10 Model-specific tunning (Supervised alorithms)

10.1 Random Forest

Parameter	Description
ntree	Number of trees to grow. This should not be set to too small a number, to ensure that every input row gets predicted at least a few times.
replace	Should sampling of cases be done with or without replacement?
nodesize	Minimum size of terminal nodes. Setting this number larger causes smaller trees to be grown (and thus take less time). Note that the default values are different for classification (1) and regression (5).
maxnodes	Maximum number of terminal nodes trees in the forest can have. If not given, trees are grown to the maximum possible (subject to limits by nodesize). If set larger than maximum possible, a warning is issued.
nPerm	Number of times the OOB data are permuted per tree for assessing variable importance. Number larger than 1 gives slightly more stable estimate, but not very effective. Currently only implemented for regression.
norm.votes	If TRUE (default), the final result of votes are expressed as fractions. If FALSE, raw vote counts are returned (useful for combining results from different runs). Ignored for regression.

10.2 Naive Bayes

Parameter	Description
bw	The smoothing bandwidth to be used. The kernels are scaled such that this is the standard deviation of the smoothing kernel. Can also be a character string giving a rule to choose the bandwidth. The default is “nrd0”.
window	A character string giving the smoothing kernel to be used. Must partially match one of “gaussian”, “rectangular”, “triangular”, “epanechnikov”, “biweight”, “cosine” or “optcosine”. Default is “gaussian”.
kernel	A character string giving the smoothing kernel to be used. Must partially match one of “gaussian”, “rectangular”, “triangular”, “epanechnikov”, “biweight”, “cosine” or “optcosine”. Default is “gaussian”.

10.3 k-Nearest Neighbors

Parameter	Description
l	Minimum vote for a definite decision, otherwise doubt. Less than k-l dissenting votes are allowed, even if k is increased by ties.
use.all	Controls handling of ties. If true, all distances equal to the kth largest are included. If false, a random selection of distances equal to the kth is chosen to use exactly k neighbors.

10.4 Stochastic Gradient Boosting

Parameter	Description
bag.fraction	The fraction of the training set observations randomly selected to propose the next tree in the expansion. Default is 0.5.

10.5 Self-Organizing Maps

Parameter	Description
rlen	The number of times the complete data set will be presented to the network.
alpha	Learning rate, a vector of two numbers indicating the amount of change. Default is to decline linearly from 0.05 to 0.01 over rlen updates. Not used for the batch algorithm.
maxNA.fraction	The maximal fraction of values that may be NA to prevent the row from being removed.
dist.fcts	Vector of distance functions to be used for the individual data layers. Default is “sumofsquares” for continuous data, and “tanimoto” for factors.
mode	Type of learning algorithm.
normalizeDataLayers	Boolean, indicating whether distance.weights should be calculated. If normalizeDataLayers == FALSE, user weights are applied to the data immediately.

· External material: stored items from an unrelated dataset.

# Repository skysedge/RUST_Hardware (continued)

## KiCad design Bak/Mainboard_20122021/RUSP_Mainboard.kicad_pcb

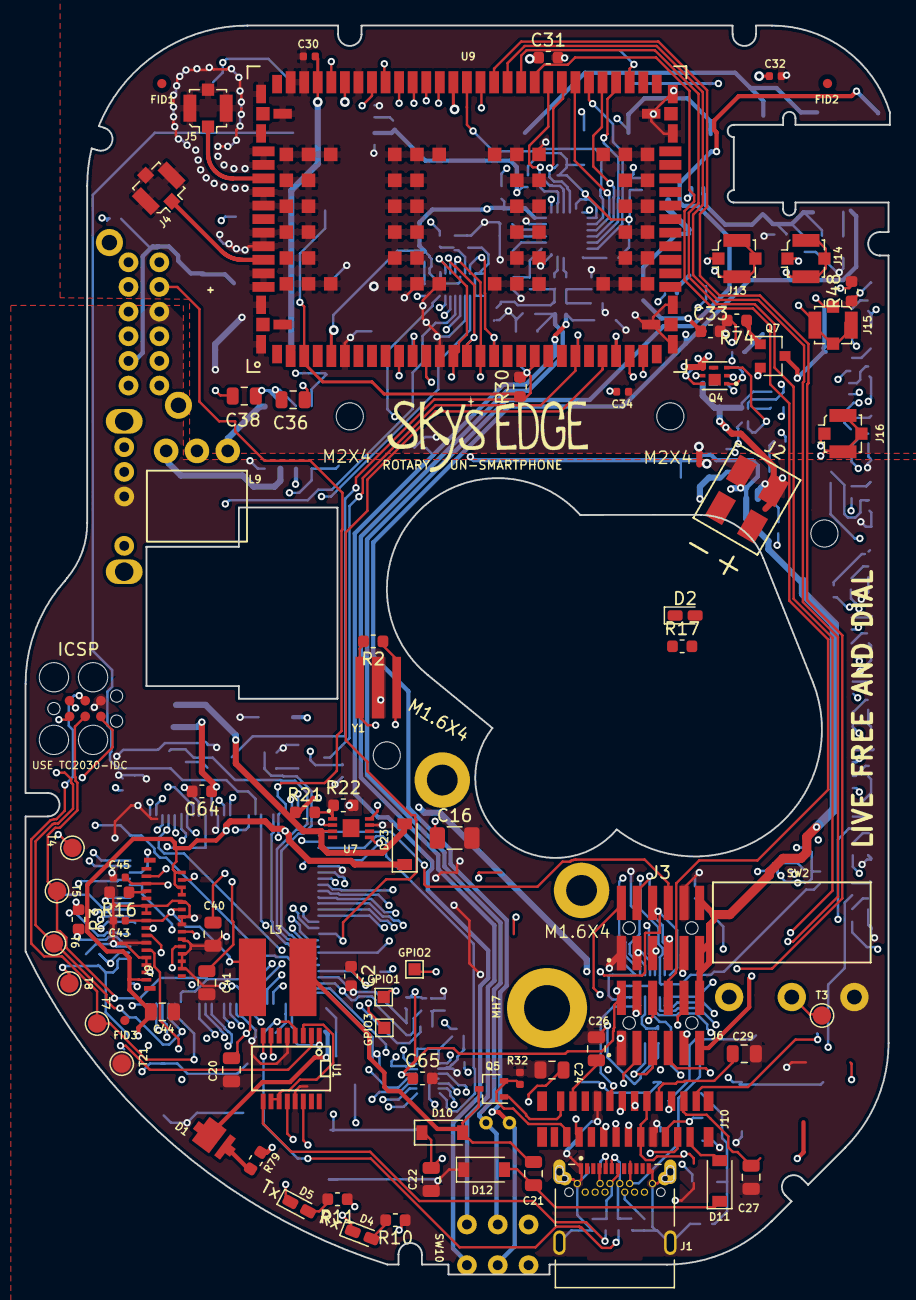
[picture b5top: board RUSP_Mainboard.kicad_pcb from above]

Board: 6 copper layers, 70.1 x 101.3 mm, 257 parts (0 on the bottom side), 234 nets.

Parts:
C1, C46, C47, C62, C63: 27pF; C_0603_1608Metric
C2, C3, C4, C5, C6, C10, C11, C18, C19, C39, C42, C56, C64, C65: .1uF; C_0603_1608Metric
C7, C48, C49, C60, C61: 10nF; C_0402_1005Metric
C8, C9: 47pF; C_0603_1608Metric
C12, C13: 4.7uF; C_0603_1608Metric
C14, C37: 100uF, 10V; Capacitor_Wurth865080243007
C15, C72: 2.2uF, LOW-ESR CER.; C_0603_1608Metric
C16, C17, C57: 10uF/35V; R_1206_3216Metric
C20, C21, C22, C41, C44: 4.7uF/25V; C_0805_2012Metric
C23, C24, C25, C26, C27, C28, C29: 1uF/50V; C_0805_2012Metric
C30: 68pF/50V; C_0402_1005Metric
C31: 15pF/50V; C_0603_1608Metric
C32: 8.2pF/50V; C_0402_1005Metric
C33: 10nF/16V; C_0603_1608Metric
C34: 100nF/16V; C_0402_1005Metric
C35: 330uF/6.3V, TANTALUM 45mR; C_2917
C36, C38, C40: 1uF/16V; C_0805_2012Metric
C43, C45, C51, C52, C53, C55, C58, C59: 1uF; C_0402_1005Metric
C50, C54: 2.2uF; C_0603_1608Metric
D1: LED; Osram_1212
D2, D5, D22: LED; LED_0603_1608Metric_Castellated
D3: D_Schottky; D_SOD-123
D4: RX/GREEN; LED_0603_1608Metric_Castellated
D10, D11, D12: MBR0530; D_SOD-123
D15, D16, D17, D18: TVS; R_0603_1608Metric_Pad1.05x0.95mm_HandSolder
D23: PMEG2005; D_SOD-123
D25, D26, D27, D28, D29, D30, D31, D32, D33, D34: R/Y; LED_Dialight_5988560207F
FID1, FID2, FID3, FID4, FID5, FID6: Fiducial; Fiducial_0.75mm_Dia_1.5mm_Outer
GPIO1, GPIO2, GPIO3, GPIO4: TestPoint_Alt; TestPoint_Pad_1.0x1.0mm
J1: USB_C_Receptacle; CUI_UJ31-CH-G1-SMT-TR
J2: IDC; AVX_PokeInConnector
J3, J6: Conn_01x12; Samtec_2x6Header_FTSH-106-01-L-DV
J4, J5, J13, J14, J15, J16: U.FL; U.FL_Molex_MCRF_73412-0110_Vertical
J7: Conn_02x03_Counter_Clockwise; Tag-Connect_TC2030-IDC
J8: AudioJack_TRRS_3Switch; AudioJack_TRRS_CUI_SJ-43617-SMT-TR
J9: FPC; Hirose_FPC_FH26W-31S-0.3SHW(60)
J10: FPC; Molex_24pFPC_Vert_0525592452
J11, J12: Conn_01x02; 2pSocket_SMD_Samtec_SMM-102-02-S-S
L1: Ferrite_Bead; R_0805_2012Metric_Pad1.15x1.40mm_HandSolder
L2: 4.7uH; Inductor_Wurth_74438336100
L3: 10uH; Inductor10uH_Wurth_744053100
L5, L6, L7, L8: EMI; L_0402_1005Metric
L9: COIL; 3pSocket_RA_GCT_BG302-03-A-L-G
LOGO1: Logo1; SkysEdge_21mm
LOGO2: Logo2; SkysEdge_18mm
LS1: Speaker; Speaker_PUI_AR01232MS-SC12-WP-R
MH1, MH3, MH4, MH8: MountingHole; MountingHole_2.2mm_M2
MH7: MountingHole; SMTSO-M2-3ET
MH9, MH10: MountingHole; SMTSO-M1.6-1ET
MK1: 2k2 Electret; Microphone_PUI_POM-2738P-R
NT2: Net-Tie_2; NetTie-2_SMD_Pad0.5mm
Q1, Q2: DMG2302UK-7; SOT-23
Q3, Q4: Q_NMOS_POWER; TI_CSD16301Q2
Q5: NMOS; SOT-323_SC-70
Q6, Q7: MMBT3904; SOT-23
R1, R29, R33, R39, R42, R66, R75, R76: 10k; R_0603_1608Metric
R2, R23, R24, R34, R41, R73: 1M; R_0603_1608Metric
R3, R6, R7: 27R; R_0603_1608Metric
R4, R5: 5k1; R_0402_1005Metric
R8, R9, R10, R11, R67, R74, R77, R78: 1k; R_0603_1608Metric
R12: 330R; R_0603_1608Metric
R13, R14, R35, R38: 2k2; R_0402_1005Metric
R15: 10R; R_0603_1608Metric
R16: 510k; R_0603_1608Metric
R17, R45, R46, R47, R48, R49, R50, R51, R52, R53, R54, R55, R56, R57, R58, R59, R60, R61, R62, R63, R64: 1k5; R_0603_1608Metric
R19, R20, R40, R65: 100R; R_0603_1608Metric
R21: 1.05M; R_0603_1608Metric
R22: 120k; R_0603_1608Metric
R26, R27, R30: 100k; R_0603_1608Metric
R31: 16k; R_0603_1608Metric
R32: 0.47R; R_0402_1005Metric
R36, R37: 4k7; R_0603_1608Metric
R44: 160R*; R_0603_1608Metric
R79: 18R; R_0603_1608Metric
RSVD1: TestPoint_Alt; TestPoint_Pad_1.0x1.0mm
SW1: SP3T; SP3T_OS103011MA7QP1
SW2: ROTARY DIAL ROLLER SWITCH; LimitSwitch_D2F-01FL2-A1
SW3, SW4, SW5, SW6, SW7, SW8: Tactile Switch; TactileSwitch_Panasonic_EVQ-Q2Y03W
SW9: SW_4P2T; Switch_4PDT_ESwitch-EG4208
SW10: SW_DPDT; Switch_DPDT_Nidec_CL-SB-22C-XX
T2, T9, T10, T11, T12, T13, T14, T15, T16, T17, T18, T19, T20: TestPoint_Alt; TestPoint_Pad_1.0x1.0mm
T3, T4, T5, T6, T7, T8, T21: TestPoint_Alt; TestPoint_Pad_D1.5mm
U1: FT230XS; SSOP-16
U2, U8, U10: TXB0108DQS; USON-20_2x4mm_P0.4mm
U3: BQ29703DSET; WSON-6_1.5x1.5mm_P0.5mm
U4: ATmega2560V-8AU; TQFP-100_14x14mm_P0.5mm
U5: MCP73831-2-OT; SOT-23-5
U6: MIC5528; LDO_MIC5528
U7: MCP1661; BoostConverter_MCP1661
U9: TOBY-L2; CellModule_TOBY-L2
U11: ZXBM5210-SP-13; SO-8EP
U12: MAX9860; WQFN-24-1EP_4x4mm_P0.5mm_EP2.7x2.7mm
Y1: 8MHz; AWSCR-16.00CV-T

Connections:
+1V8: C39.1, C56.1, C57.1, C58.1, C59.1, J6.11, R36.1, R37.1, R39.1, T12.1, U9.5, U10.1, U10.5, U12.6, U12.11, U12.13
+3V3: C19.1, C20.2, C43.2, C65.1, C72.2, J6.2, J9.12, J9.15, J10.15, J10.16, L3.1, U2.5, U6.1, U6.2, U8.5
+3V8: C3.1, C4.1, C5.1, C6.1, C15.2, C16.1, C18.1, C30.1, C31.1, C32.1, C33.1, C34.1, C35.1, C42.1, C64.1, J3.2, J3.3, J7.2, L2.1, R1.2, R10.1, R11.1, R15.2, R26.1, R27.1, R79.2, T4.1, U1.12, U2.16, U4.10, U4.31, U4.61, U4.80, U4.100, U6.6, U7.5, U8.16, U9.70, U9.71, U9.72, U10.16
+12V: C17.1, C36.1, C38.2, C44.1, D23.1, J9.2, J9.6, J9.8, J9.31, R21.1, U11.2, U11.3, U11.6
+BATT: C13.2, J2.2, J3.11, J3.12, J6.12, R12.1, SW9.2, U5.3
/3v3_EN: R19.2, U4.56
/12v_EN: U4.57, U7.8
/AREF: C2.1, U4.98
/AUDIO/BLCK: U9.52, U12.18
/CELL MODEM/ANT1: J5.1, U9.81
/CELL MODEM/ANT2: J4.1, U9.87
/CELL MODEM/CTS_1v8: T17.1, U9.15, U10.3
/CELL MODEM/DCD_1v8: T9.1, U9.12
/CELL MODEM/DSR_1v8: T2.1, U9.10
/CELL MODEM/HOST_SELECT0: T10.1, U9.26
/CELL MODEM/HOST_SELECT1: T11.1, U9.62
/CELL MODEM/I2S_GPIO6: U9.61, U12.14
/CELL MODEM/I2S_RXD: U9.53, U12.15
/CELL MODEM/I2S_SCL: R37.2, U9.54, U12.10
/CELL MODEM/I2S_SDA: R36.2, U9.55, U12.9
/CELL MODEM/I2S_TXD: U9.51, U12.16
/CELL MODEM/I2S_WA: U9.50, U12.17
/CELL MODEM/RI_1v8: U9.11, U10.8
/CELL MODEM/RTS_1v8: T16.1, U9.14, U10.2
/CELL MODEM/RXD_1v8: T19.1, U9.17, U10.7
/CELL MODEM/SDIO-CLK: J14.1, U9.64
/CELL MODEM/SDIO-CMD: J14.2, U9.65
/CELL MODEM/SDIO-D0: J13.1, U9.66
/CELL MODEM/SDIO-D1: J13.2, U9.68
/CELL MODEM/SDIO-D2: J15.1, U9.63
/CELL MODEM/SDIO-D3: J15.2, U9.67
/CELL MODEM/TXD_1v8: T18.1, U9.16, U10.4
/CELL MODEM/USB_D+: J16.1, U9.28
/CELL MODEM/USB_D-: J16.2, U9.27
/CELL MODEM/V_BCKP: C37.1, R30.1, U9.3
/CELL_CTS: U4.94, U10.18
/CELL_ON: R41.1, R65.2, U4.97
/CELL_PWR_DET: U4.95, U10.20
/CELL_RESET: R34.1, R40.2, U4.96
/CELL_RI: U4.18, U10.13
/CELL_RTS: U4.93, U10.19
/CELL_RXD: U4.45, U10.14
/CELL_TXD: U4.46, U10.17
/EPD_BUSY: J10.9, U4.71
/EPD_CS: R26.2, U4.75, U8.18
/EPD_DC: U4.74, U8.17
/EPD_RESET: R27.2, U4.72, U8.14
/GPIO1: GPIO1.1, U4.5
/GPIO2: GPIO2.1, U4.6
/GPIO3: GPIO3.1, U4.7
/GPIO4: GPIO4.1, U4.39
/LED_1A: R49.2, U4.17
/LED_1B: R50.2, U4.16
/LED_2A: R51.2, U4.15
/LED_2B: R52.2, U4.13
/LED_3A: R53.2, U4.12
/LED_3B: R54.2, U4.52
/LED_4A: R45.2, U4.42
/LED_4B: R46.2, U4.91
/LED_5A: R63.2, U4.90
/LED_5B: R64.2, U4.89
/LED_6A: R61.2, U4.88
/LED_6B: R62.2, U4.87
/LED_7A: R59.2, U4.86
/LED_7B: R60.2, U4.85
/LED_8A: R57.2, U4.83
/LED_8B: R58.2, U4.82
/LED_9A: R55.2, U4.63
/LED_9B: R56.2, U4.51
/LED_10A: R47.2, U4.64
/LED_10B: R48.2, U4.84
/LED_BELL: R78.2, U4.1
/LED_FILAMENT: R74.2, U4.38
/LED_STAT: R44.2, U4.37
/MCURX-TO-FTDITX: R8.2, U4.2
/MCUTX-TO-FTDIRX: R9.1, U4.3
/MISO: J3.5, J7.1, T6.1, U4.22
/MOSI: J3.4, J7.4, T7.1, U2.14, U4.21, U8.19
/NET_STAT: U4.92, U9.25
/OFFSIGNAL: SW9.8, U4.73
/OLED DRIVER/OLED_CS_3V3: J9.17, U2.1
/OLED DRIVER/OLED_D0-SCL_3V3: J9.22, U2.4
/OLED DRIVER/OLED_D1-MOSI_3V3: J9.23, U2.7
/OLED DRIVER/OLED_DC_3V3: J9.19, U2.3
/OLED DRIVER/OLED_IREF: J9.7, R16.1
/OLED DRIVER/OLED_RES_3V3: J9.18, U2.2
/OLED DRIVER/OLED_VCOMH: C41.1, J9.4
/OLED DRIVER/OLED_VLOGIC: C45.2, J9.5
/OLED DRIVER/OLED_VP: C40.1, J9.3
/OLED_CS: U2.20, U4.78
/OLED_DC: U2.18, U4.54
/OLED_XRES: U2.19, U4.53
/PDn: J6.10, U4.8
/POWSW4: J3.9, SW9.4
/RELAY_OFF: J6.4, U4.55
/RESET: C1.1, C10.1, J7.5, R1.1, T8.1, U4.30
/RINGER+: R23.1, U4.43, U11.4
/RINGER-: R24.1, U4.44, U11.5
/SCK: J3.6, J7.3, T5.1, U2.17, U4.20, U8.20
/SD_CD: J3.7, U4.77
/SD_CS: J3.8, U4.76
/SIM_CLK: J6.8, U9.56
/SIM_IO: J6.9, U9.57
/SIM_RST: J6.7, U9.58
/SW_CLEAR: SW4.1, U4.67
/SW_HOOK: SW7.1, U4.68
/SW_MODE1: SW1.4, U4.58
/SW_MODE2: SW1.3, U4.59
/SW_MODE3: SW1.1, U4.60
/SW_MULTI1: SW3.1, U4.23
/SW_MULTI2: SW6.1, U4.25
/SW_MULTI3: SW5.1, U4.24
/SW_MULTI4: SW8.1, U4.26
/SW_ROTARY: SW2.2, T3.1, U4.69
/VSIM: J6.6, U9.59
/ePaper Driver/CS_3v3: J10.12, U8.3
/ePaper Driver/DC_3v3: J10.11, U8.4
/ePaper Driver/GDR: J10.2, Q5.1
/ePaper Driver/MOSI_3v3: J10.14, U8.2
/ePaper Driver/PREVGH: C22.2, D10.1, J10.21
/ePaper Driver/PREVGL: D11.2, J10.23
/ePaper Driver/RESE: J10.3, Q5.2, R32.1
/ePaper Driver/RESET_3v3: J10.10, U8.7
/ePaper Driver/SCK_3v3: J10.13, U8.1
/ePaper Driver/VCOM: C28.1, J10.24
/ePaper Driver/VDD: C29.1, J10.18
/ePaper Driver/VGH: C24.1, J10.5
/ePaper Driver/VGL: C26.1, J10.4
/ePaper Driver/VPP: C25.1, J10.19
/ePaper Driver/VSH: C23.1, J10.20
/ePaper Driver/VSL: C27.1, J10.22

10.6 Generalized Linear Model

Parameter	Description
method	The method to be used in fitting the model. The default method “glm.fit” uses iteratively reweighted least squares (IWLS).
singular.ok	Logical; if FALSE, a singular fit is an error.
epsilon	Positive convergence tolerance; the iterations converge when
maxit	Integer giving the maximal number of IWLS iterations.

10.7 Stacked AutoEncoder Deep Neural Network

Parameter	Description
activationfun	Activation function of hidden unit. Can be “sigm”, “linear” or “tanh”. Default is “sigm”.
learningrate	Learning rate for gradient descent. Default is 0.8.
momentum	Momentum for gradient descent. Default is 0.5.
learningrate_scale	Learning rate will be multiplied by this scale after every iteration. Default is 1.
output	Function of output unit. Can be “sigm”, “linear” or “softmax”. Default is “sigm”.
sae_output	Function of autoencoder output unit. Can be “sigm”, “linear” or “softmax”. Default is “linear”.
numepochs	Number of iterations for samples. Default is 3.
batchsize	Size of mini-batch. Default is 100.

10.8 Conditional Inference Random Forest

Parameter	Description
teststat	A character specifying the type of the test statistic to be applied.
testtype	A character specifying how to compute the distribution of the test statistic.
mincriterion	The value of the test statistic or 1 - p-value that must be exceeded to implement a split.
savesplitstats	A logical determining whether standardized two-sample statistics for split point estimate are saved for each primary split.
ntree	Number of trees to grow in a forest.
replace	A logical indicating whether sampling of observations is done with or without replacement.
fraction	Fraction of number of observations to draw without replacement (only relevant if replace = FALSE).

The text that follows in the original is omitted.